━━ Dataset entries ━━

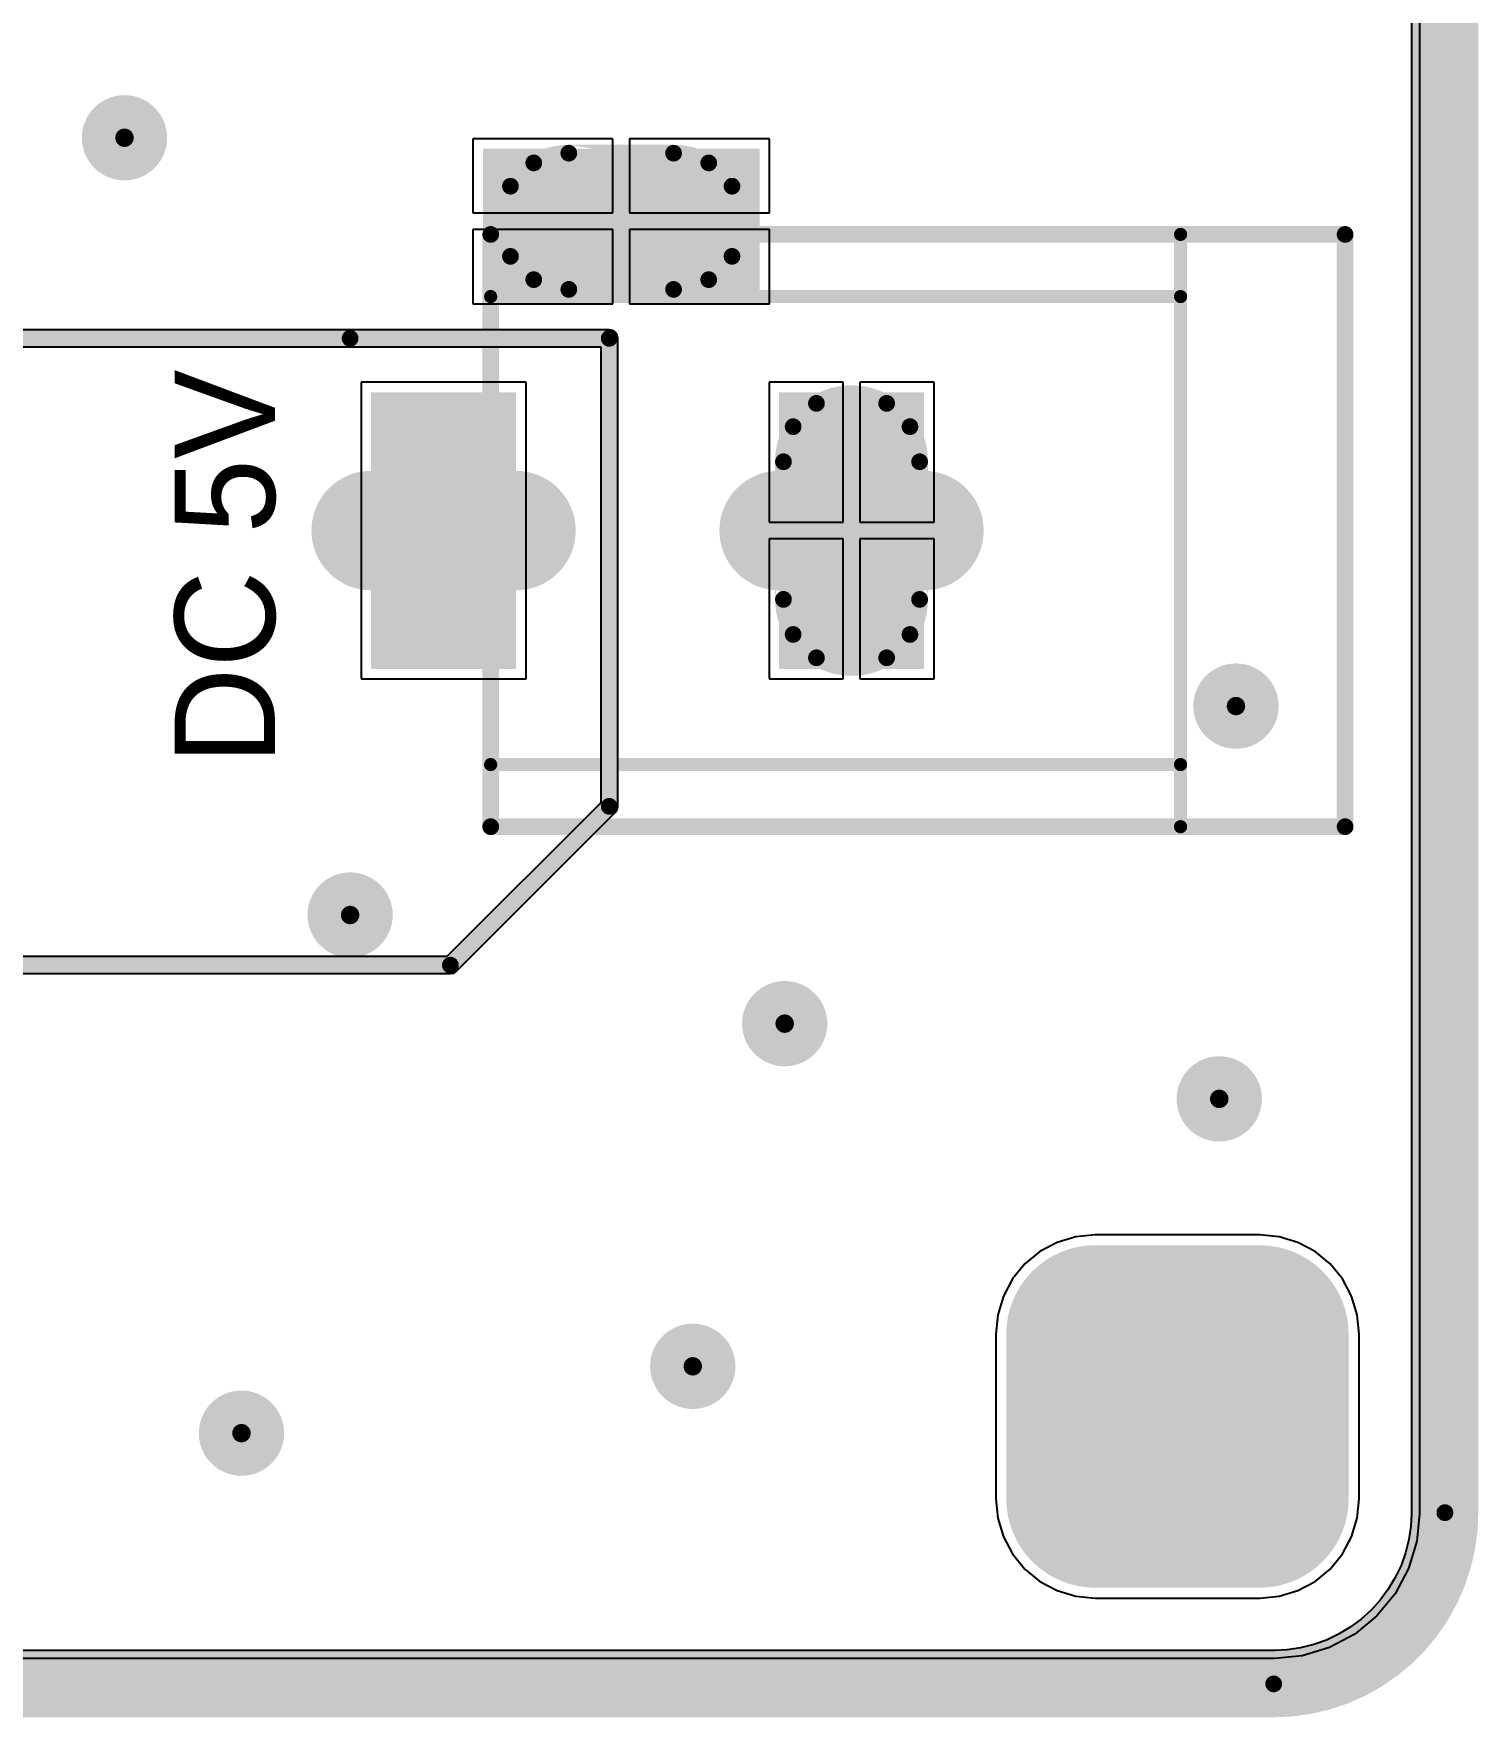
# Model space of a CAD drawing. Header units: millimetres. Extents: x 19 to 120, y 15 to 116.
# Drawn here: x 97.81 to 119.76, y 15.24 to 40.82 of the extents above; entities that cross this region are included whole.
import ezdxf

# ---------------------------------------------------------------- set-up
doc = ezdxf.new("R2010")
doc.units = ezdxf.units.MM
for name, color, linetype in [('BottomLayer', 5, 'Continuous'), ('BottomSolder', 6, 'Continuous'), ('InternalPlane1', 76, 'Continuous'), ('InternalPlane2', 16, 'Continuous'), ('KeepOutLayer', 6, 'Continuous'), ('Mechanical1', 6, 'Continuous'), ('MultiLayer', 9, 'Continuous'), ('PadHoleLayer', 156, 'Continuous'), ('TopLayer', 1, 'Continuous'), ('TopOverlay', 2, 'Continuous'), ('TopSolder', 216, 'Continuous'), ('ViaHoleLayer', 16, 'Continuous')]:
    doc.layers.add(name, color=color, linetype=linetype)

# ---------------------------------------------------------------- blocks, each defined once
blk = doc.blocks.new('DC_005_29')
at = {"layer": 'BottomLayer'}
for points in [[(-5.5, 3.7), (-1.5, 3.7), (-5.5, 5.7), (-1.5, 5.7)], [(-7.2, -2), (-5.2, -2), (-7.2, 2), (-5.2, 2)], [(-1, -2), (1, -2), (-1, 2), (1, 2)]]:
    blk.add_solid(points, dxfattribs=at)
at = {"layer": 'BottomSolder'}
for points in [[(-5.602, 3.598), (-1.398, 3.598), (-5.602, 5.802), (-1.398, 5.802)], [(-7.302, -2.102), (-5.098, -2.102), (-7.302, 2.102), (-5.098, 2.102)], [(-1.102, -2.102), (1.102, -2.102), (-1.102, 2.102), (1.102, 2.102)]]:
    blk.add_solid(points, dxfattribs=at)
at = {"layer": 'InternalPlane1', "const_width": 0.254}
for points in [[(-4.829, 5.587, -0.136094), (-4.296, 5.735)], [(-2.704, 5.735, -0.136094), (-2.171, 5.587)], [(-5.183, 4.167, -0.277325), (-5.183, 5.233)], [(-1.817, 5.233, -0.277325), (-1.817, 4.167)], [(-4.296, 3.665, -0.136094), (-4.829, 3.813)], [(-2.171, 3.813, -0.136094), (-2.704, 3.665)], [(-0.533, 1.933, -0.277325), (0.533, 1.933)], [(-1.035, 1.046, -0.136094), (-0.887, 1.579)], [(0.887, 1.579, -0.136094), (1.035, 1.046)], [(-0.887, -1.579, -0.136094), (-1.035, -1.046)], [(1.035, -1.046, -0.136094), (0.887, -1.579)], [(0.533, -1.933, -0.277325), (-0.533, -1.933)]]:
    blk.add_lwpolyline(points, format="xyb", dxfattribs=at)
at = {"layer": 'InternalPlane1'}
for points, const_width in [([(-4.893, 5.587, 1), (-4.766, 5.587, 1)], 0.127), ([(-4.36, 5.735, 1), (-4.233, 5.735, 1)], 0.127), ([(-2.768, 5.735, 1), (-2.641, 5.735, 1)], 0.127), ([(-2.234, 5.587, 1), (-2.107, 5.587, 1)], 0.127), ([(-5.247, 5.233, 1), (-5.12, 5.233, 1)], 0.127), ([(-1.88, 5.233, 1), (-1.753, 5.233, 1)], 0.127), ([(-5.247, 4.167, 1), (-5.12, 4.167, 1)], 0.127), ([(-1.88, 4.167, 1), (-1.753, 4.167, 1)], 0.127), ([(-4.893, 3.813, 1), (-4.766, 3.813, 1)], 0.127), ([(-2.234, 3.813, 1), (-2.107, 3.813, 1)], 0.127), ([(-4.36, 3.665, 1), (-4.233, 3.665, 1)], 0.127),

━━━

Activity: Set down the records exactly, without the pictures.

The answer:
# Model space of a CAD drawing. Header units: millimetres. Extents: x 19 to 120, y 15 to 116.
# Drawn here: x 97.81 to 119.76, y 15.24 to 40.82 of the extents above; entities that cross this region are included whole.
import ezdxf

# ---------------------------------------------------------------- set-up
doc = ezdxf.new("R2010")
doc.units = ezdxf.units.MM
for name, color, linetype in [('BottomLayer', 5, 'Continuous'), ('BottomSolder', 6, 'Continuous'), ('InternalPlane1', 76, 'Continuous'), ('InternalPlane2', 16, 'Continuous'), ('KeepOutLayer', 6, 'Continuous'), ('Mechanical1', 6, 'Continuous'), ('MultiLayer', 9, 'Continuous'), ('PadHoleLayer', 156, 'Continuous'), ('TopLayer', 1, 'Continuous'), ('TopOverlay', 2, 'Continuous'), ('TopSolder', 216, 'Continuous'), ('ViaHoleLayer', 16, 'Continuous')]:
    doc.layers.add(name, color=color, linetype=linetype)

# ---------------------------------------------------------------- blocks, each defined once
blk = doc.blocks.new('DC_005_29')
at = {"layer": 'BottomLayer'}
for points in [[(-5.5, 3.7), (-1.5, 3.7), (-5.5, 5.7), (-1.5, 5.7)], [(-7.2, -2), (-5.2, -2), (-7.2, 2), (-5.2, 2)], [(-1, -2), (1, -2), (-1, 2), (1, 2)]]:
    blk.add_solid(points, dxfattribs=at)
at = {"layer": 'BottomSolder'}
for points in [[(-5.602, 3.598), (-1.398, 3.598), (-5.602, 5.802), (-1.398, 5.802)], [(-7.302, -2.102), (-5.098, -2.102), (-7.302, 2.102), (-5.098, 2.102)], [(-1.102, -2.102), (1.102, -2.102), (-1.102, 2.102), (1.102, 2.102)]]:
    blk.add_solid(points, dxfattribs=at)
at = {"layer": 'InternalPlane1', "const_width": 0.254}
for points in [[(-4.829, 5.587, -0.136094), (-4.296, 5.735)], [(-2.704, 5.735, -0.136094), (-2.171, 5.587)], [(-5.183, 4.167, -0.277325), (-5.183, 5.233)], [(-1.817, 5.233, -0.277325), (-1.817, 4.167)], [(-4.296, 3.665, -0.136094), (-4.829, 3.813)], [(-2.171, 3.813, -0.136094), (-2.704, 3.665)], [(-0.533, 1.933, -0.277325), (0.533, 1.933)], [(-1.035, 1.046, -0.136094), (-0.887, 1.579)], [(0.887, 1.579, -0.136094), (1.035, 1.046)], [(-0.887, -1.579, -0.136094), (-1.035, -1.046)], [(1.035, -1.046, -0.136094), (0.887, -1.579)], [(0.533, -1.933, -0.277325), (-0.533, -1.933)]]:
    blk.add_lwpolyline(points, format="xyb", dxfattribs=at)
at = {"layer": 'InternalPlane1'}
for points, const_width in [([(-4.893, 5.587, 1), (-4.766, 5.587, 1)], 0.127), ([(-4.36, 5.735, 1), (-4.233, 5.735, 1)], 0.127), ([(-2.768, 5.735, 1), (-2.641, 5.735, 1)], 0.127), ([(-2.234, 5.587, 1), (-2.107, 5.587, 1)], 0.127), ([(-5.247, 5.233, 1), (-5.12, 5.233, 1)], 0.127), ([(-1.88, 5.233, 1), (-1.753, 5.233, 1)], 0.127), ([(-5.247, 4.167, 1), (-5.12, 4.167, 1)], 0.127), ([(-1.88, 4.167, 1), (-1.753, 4.167, 1)], 0.127), ([(-4.893, 3.813, 1), (-4.766, 3.813, 1)], 0.127), ([(-2.234, 3.813, 1), (-2.107, 3.813, 1)], 0.127), ([(-4.36, 3.665, 1), (-4.233, 3.665, 1)], 0.127),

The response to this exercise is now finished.